[Start of section]

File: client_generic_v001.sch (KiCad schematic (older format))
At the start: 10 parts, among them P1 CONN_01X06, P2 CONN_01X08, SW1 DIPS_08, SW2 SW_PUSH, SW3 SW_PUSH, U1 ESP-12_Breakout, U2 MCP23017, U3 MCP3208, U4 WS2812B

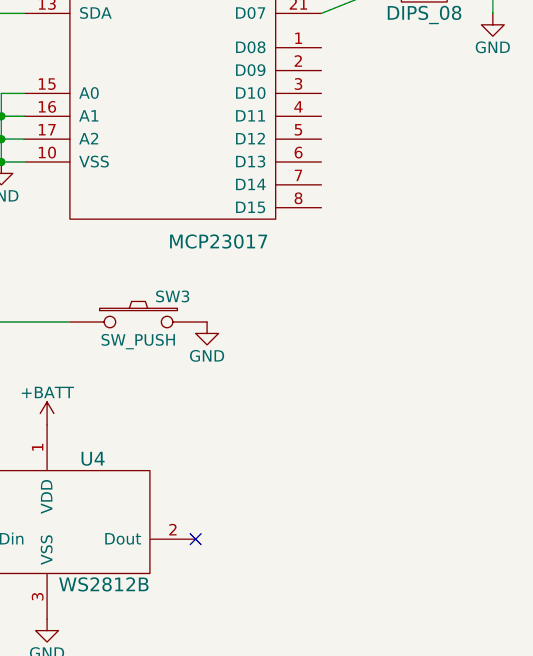
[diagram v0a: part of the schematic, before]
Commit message: Added status LEDs
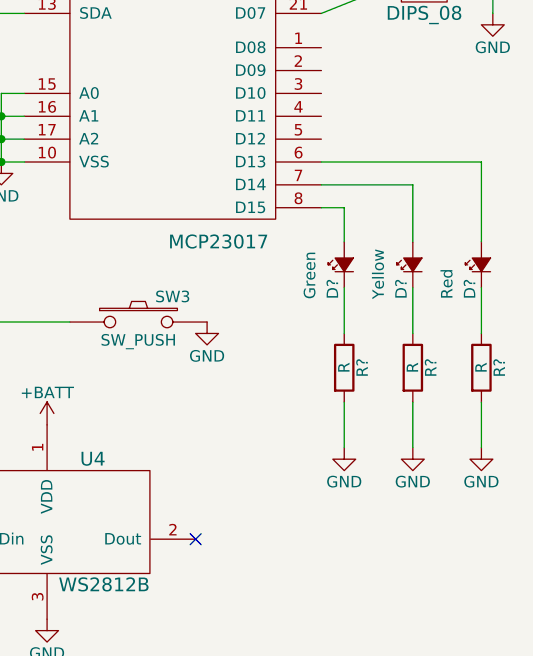
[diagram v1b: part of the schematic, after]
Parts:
- added D?: Yellow, symbol Led_Small
- added D?: Green, symbol Led_Small
- added D?: Red, symbol Led_Small
- added R? (x3): R, symbol R
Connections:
- net GND: now also R?.2, R?.2, R?.2
- net at U2.6 (D13): now also D?.2 (A)
- net at U2.7 (D14): now also D?.2 (A)
- net at U2.8 (D15): now also D?.2 (A)
- new net: D?.1 (K), R?.1 (x3)
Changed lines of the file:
@@
 	0    1    1    0
 $EndComp
-Connection ~ 3100 2350
-Wire Wire Line
-	3000 2500 3000 2350
-Wire Wire Line
-	3000 2350 3200 2350
-Wire Wire Line
-	3200 2350 3200 2500
-Connection ~ 3100 3800
-Connection ~ 6700 3450
-Connection ~ 6700 3550
-Wire Wire Line
-	6700 3450 6800 3450
-Wire Wire Line
-	6700 3250 6700 3550
-Wire Wire Line
-	6700 3550 6800 3550
-Connection ~ 6800 2350
-Wire Wire Line
-	6800 2000 6800 2450
-Wire Wire Line
-	3800 3000 4300 3000
-Wire Wire Line
-	3800 3100 4300 3100
-Wire Wire Line
-	3800 3200 4300 3200
-Wire Wire Line
-	4350 4100 6300 4100
-Wire Wire Line
-	6300 4100 6300 3200
-Wire Wire Line
-	3800 3300 4350 3300
-Wire Wire Line
-	4350 3300 4350 4100
-Wire Wire Line
-	5400 1800 5400 2000
-Wire Wire Line
-	6300 2800 6800 2800
-Wire Wire Line
-	6300 2900 6800 2900
-Wire Wire Line
-	6300 1800 6300 2600
-Wire Wire Line
-	6300 2700 6400 2700
-Wire Wire Line
-	6400 2700 6400 2200
-Wire Wire Line
-	6400 2200 6200 2200
-Wire Wire Line
-	6200 2200 6200 1800
-Connection ~ 5400 2000
-Wire Wire Line
-	6100 1800 6100 2000
-Wire Wire Line
-	6100 2000 5400 2000
-Wire Wire Line
-	6700 3350 6800 3350
-Wire Wire Line
-	4300 2250 4300 2600
-Wire Wire Line
-	6300 3000 6500 3000
-Wire Wire Line
-	6500 3000 6500 4250
-Wire Wire Line
-	6500 4250 7000 4250
-Wire Wire Line
-	6300 3100 6400 3100
-Wire Wire Line
-	6400 5200 6450 5200
-Wire Wire Line
-	6400 5200 6400 4950
-Wire Wire Line
-	6400 3100 6400 4650
-Wire Wire Line
-	8100 2200 8350 2100
-Wire Wire Line
-	8100 2300 8350 2200
-Wire Wire Line
-	8100 2400 8350 2300
-Wire Wire Line
-	8100 2500 8350 2400
-Wire Wire Line
-	8100 2600 8350 2500
-Wire Wire Line
-	8100 2700 8350 2600
-Wire Wire Line
-	8100 2800 8350 2700
-Wire Wire Line
-	8100 2900 8350 2800
 $Comp
 L MCP23017 U2
@@
 	1    0    0    -1
 $EndComp
-Wire Wire Line
-	3000 3800 3200 3800
 $Comp
 L +BATT #PWR011
@@
 	1    0    0    -1
 $EndComp
-Wire Wire Line
-	8750 2100 8850 2100
-Wire Wire Line
-	8850 2100 8850 2900
 $Comp
 L GND #PWR012
@@
 	1    0    0    -1
 $EndComp
-Wire Wire Line
-	8750 2200 8850 2200
-Connection ~ 8850 2200
-Wire Wire Line
-	8750 2300 8850 2300
-Connection ~ 8850 2300
-Wire Wire Line
-	8750 2400 8850 2400
-Connection ~ 8850 2400
-Wire Wire Line
-	8750 2500 8850 2500
-Connection ~ 8850 2500
-Wire Wire Line
-	8750 2600 8850 2600
-Connection ~ 8850 2600
-Wire Wire Line
-	8750 2700 8850 2700
-Connection ~ 8850 2700
-Wire Wire Line
-	8850 2800 8750 2800
-Connection ~ 8850 2800
-Wire Wire Line
-	6800 3250 6700 3250
-Connection ~ 6700 3350
 $Comp
 L +BATT #PWR013
@@
 Text GLabel 2200 5300 0    60   Input ~ 0
 BattSense
+NoConn ~ 2600 5300
+$Comp
+L Led_Small D?
+U 1 1 577EFCCF
+P 8500 4000
+F 0 "D?" H 8350 4050 50  0000 L CNN
+F 1 "Yellow" H 8350 4150 50  0000 L CNN
+F 2 "" V 8500 4000 50  0000 C CNN
+F 3 "" V 8500 4000 50  0000 C CNN
+	1    8500 4000
+	0    -1   -1   0
+$EndComp
+$Comp
+L Led_Small D?
+U 1 1 577EFD55
+P 8200 4000
+F 0 "D?" H 8050 4050 50  0000 L CNN
+F 1 "Green" H 8050 4150 50  0000 L CNN
+F 2 "" V 8200 4000 50  0000 C CNN
+F 3 "" V 8200 4000 50  0000 C CNN
+	1    8200 4000
+	0    -1   -1   0
+$EndComp
+Connection ~ 3100 2350
+Wire Wire Line
+	3000 2500 3000 2350
+Wire Wire Line
+	3000 2350 3200 2350
+Wire Wire Line
+	3200 2350 3200 2500
+Connection ~ 3100 3800
+Connection ~ 6700 3450
+Connection ~ 6700 3550
+Wire Wire Line
+	6700 3450 6800 3450
+Wire Wire Line
+	6700 3250 6700 3550
+Wire Wire Line
+	6700 3550 6800 3550
+Connection ~ 6800 2350
+Wire Wire Line
+	6800 2000 6800 2450
+Wire Wire Line
+	3800 3000 4300 3000
+Wire Wire Line
+	3800 3100 4300 3100
+Wire Wire Line
+	3800 3200 4300 3200
+Wire Wire Line
+	4350 4100 6300 4100
+Wire Wire Line
+	6300 4100 6300 3200
+Wire Wire Line
+	3800 3300 4350 3300
+Wire Wire Line
+	4350 3300 4350 4100
+Wire Wire Line
+	5400 1800 5400 2000
+Wire Wire Line
+	6300 2800 6800 2800
+Wire Wire Line
+	6300 2900 6800 2900
+Wire Wire Line
+	6300 1800 6300 2600
+Wire Wire Line
+	6300 2700 6400 2700
+Wire Wire Line
+	6400 2700 6400 2200
+Wire Wire Line
+	6400 2200 6200 2200
+Wire Wire Line
+	6200 2200 6200 1800
+Connection ~ 5400 2000
+Wire Wire Line
+	6100 1800 6100 2000
+Wire Wire Line
+	6100 2000 5400 2000
+Wire Wire Line
+	6700 3350 6800 3350
+Wire Wire Line
+	4300 2250 4300 2600
+Wire Wire Line
+	6300 3000 6500 3000
+Wire Wire Line
+	6500 3000 6500 4250
+Wire Wire Line
+	6500 4250 7000 4250
+Wire Wire Line
+	6300 3100 6400 3100
+Wire Wire Line
+	6400 5200 6450 5200
+Wire Wire Line
+	6400 5200 6400 4950
+Wire Wire Line
+	6400 3100 6400 4650
+Wire Wire Line
+	8100 2200 8350 2100
+Wire Wire Line
+	8100 2300 8350 2200
+Wire Wire Line
+	8100 2400 8350 2300
+Wire Wire Line
+	8100 2500 8350 2400
+Wire Wire Line
+	8100 2600 8350 2500
+Wire Wire Line
+	8100 2700 8350 2600
+Wire Wire Line
+	8100 2800 8350 2700
+Wire Wire Line
+	8100 2900 8350 2800
+Wire Wire Line
+	3000 3800 3200 3800
+Wire Wire Line
+	8750 2100 8850 2100
+Wire Wire Line
+	8850 2100 8850 2900
+Wire Wire Line
+	8750 2200 8850 2200
+Connection ~ 8850 2200
+Wire Wire Line
+	8750 2300 8850 2300
+Connection ~ 8850 2300
+Wire Wire Line
+	8750 2400 8850 2400
+Connection ~ 8850 2400
+Wire Wire Line
+	8750 2500 8850 2500
+Connection ~ 8850 2500
+Wire Wire Line
+	8750 2600 8850 2600
+Connection ~ 8850 2600
+Wire Wire Line
+	8750 2700 8850 2700
+Connection ~ 8850 2700
+Wire Wire Line
+	8850 2800 8750 2800
+Connection ~ 8850 2800
+Wire Wire Line
+	6800 3250 6700 3250
+Connection ~ 6700 3350
 Wire Wire Line
 	2200 5300 2600 5300
-NoConn ~ 2600 5300
+$Comp
+L R R?
+U 1 1 577F01E7
+P 8500 4450
+F 0 "R?" V 8580 4450 50  0000 C CNN
+F 1 "R" V 8500 4450 50  0000 C CNN
+F 2 "" V 8430 4450 50  0000 C CNN
+F 3 "" H 8500 4450 50  0000 C CNN
+	1    8500 4450
+	1    0    0    -1
+$EndComp
+$Comp
+L R R?
+U 1 1 577F0283
+P 8200 4450
+F 0 "R?" V 8280 4450 50  0000 C CNN
+F 1 "R" V 8200 4450 50  0000 C CNN
+F 2 "" V 8130 4450 50  0000 C CNN
+F 3 "" H 8200 4450 50  0000 C CNN
+	1    8200 4450
+	1    0    0    -1
+$EndComp
+$Comp
+L Led_Small D?
+U 1 1 577F09E1
+P 8800 4000
+F 0 "D?" H 8650 4050 50  0000 L CNN
+F 1 "Red" H 8650 4150 50  0000 L CNN
+F 2 "" V 8800 4000 50  0000 C CNN
+F 3 "" V 8800 4000 50  0000 C CNN
+	1    8800 4000
+	0    -1   -1   0
+$EndComp
+$Comp
+L R R?
+U 1 1 577F0B28
+P 8800 4450
+F 0 "R?" V 8880 4450 50  0000 C CNN
+F 1 "R" V 8800 4450 50  0000 C CNN
+F 2 "" V 8730 4450 50  0000 C CNN
+F 3 "" H 8800 4450 50  0000 C CNN
+	1    8800 4450
+	1    0    0    -1
+$EndComp
+Wire Wire Line
+	8200 4100 8200 4300
+Wire Wire Line
+	8500 4100 8500 4300
+Wire Wire Line
+	8800 4100 8800 4300
+$Comp
+L GND #PWR?
+U 1 1 577F0CAD
+P 8200 4800
+F 0 "#PWR?" H 8200 4550 50  0001 C CNN
+F 1 "GND" H 8200 4650 50  0000 C CNN
+F 2 "" H 8200 4800 50  0000 C CNN
+F 3 "" H 8200 4800 50  0000 C CNN
+	1    8200 4800
+	1    0    0    -1
+$EndComp
+$Comp
+L GND #PWR?
+U 1 1 577F0CFF
+P 8500 4800
+F 0 "#PWR?" H 8500 4550 50  0001 C CNN
+F 1 "GND" H 8500 4650 50  0000 C CNN
+F 2 "" H 8500 4800 50  0000 C CNN
+F 3 "" H 8500 4800 50  0000 C CNN
+	1    8500 4800
+	1    0    0    -1
+$EndComp
+$Comp
+L GND #PWR?
+U 1 1 577F0D3A
+P 8800 4800
+F 0 "#PWR?" H 8800 4550 50  0001 C CNN
+F 1 "GND" H 8800 4650 50  0000 C CNN
+F 2 "" H 8800 4800 50  0000 C CNN
+F 3 "" H 8800 4800 50  0000 C CNN
+	1    8800 4800
+	1    0    0    -1
+$EndComp
+Wire Wire Line
+	8200 4600 8200 4800
+Wire Wire Line
+	8500 4600 8500 4800
+Wire Wire Line
+	8800 4600 8800 4800
+Wire Wire Line
+	8100 3750 8200 3750
+Wire Wire Line
+	8200 3750 8200 3900
+Wire Wire Line
+	8100 3650 8500 3650
+Wire Wire Line
+	8500 3650 8500 3900
+Wire Wire Line
+	8100 3550 8800 3550
+Wire Wire Line
+	8800 3550 8800 3900
 $EndSCHEMATC

[End of section]

→ Exercise directions: Your answer should be the lines of the material above that include "Green".

→ Solution for this task:
- added D?: Green, symbol Led_Small
+F 1 "Green" H 8050 4150 50  0000 L CNN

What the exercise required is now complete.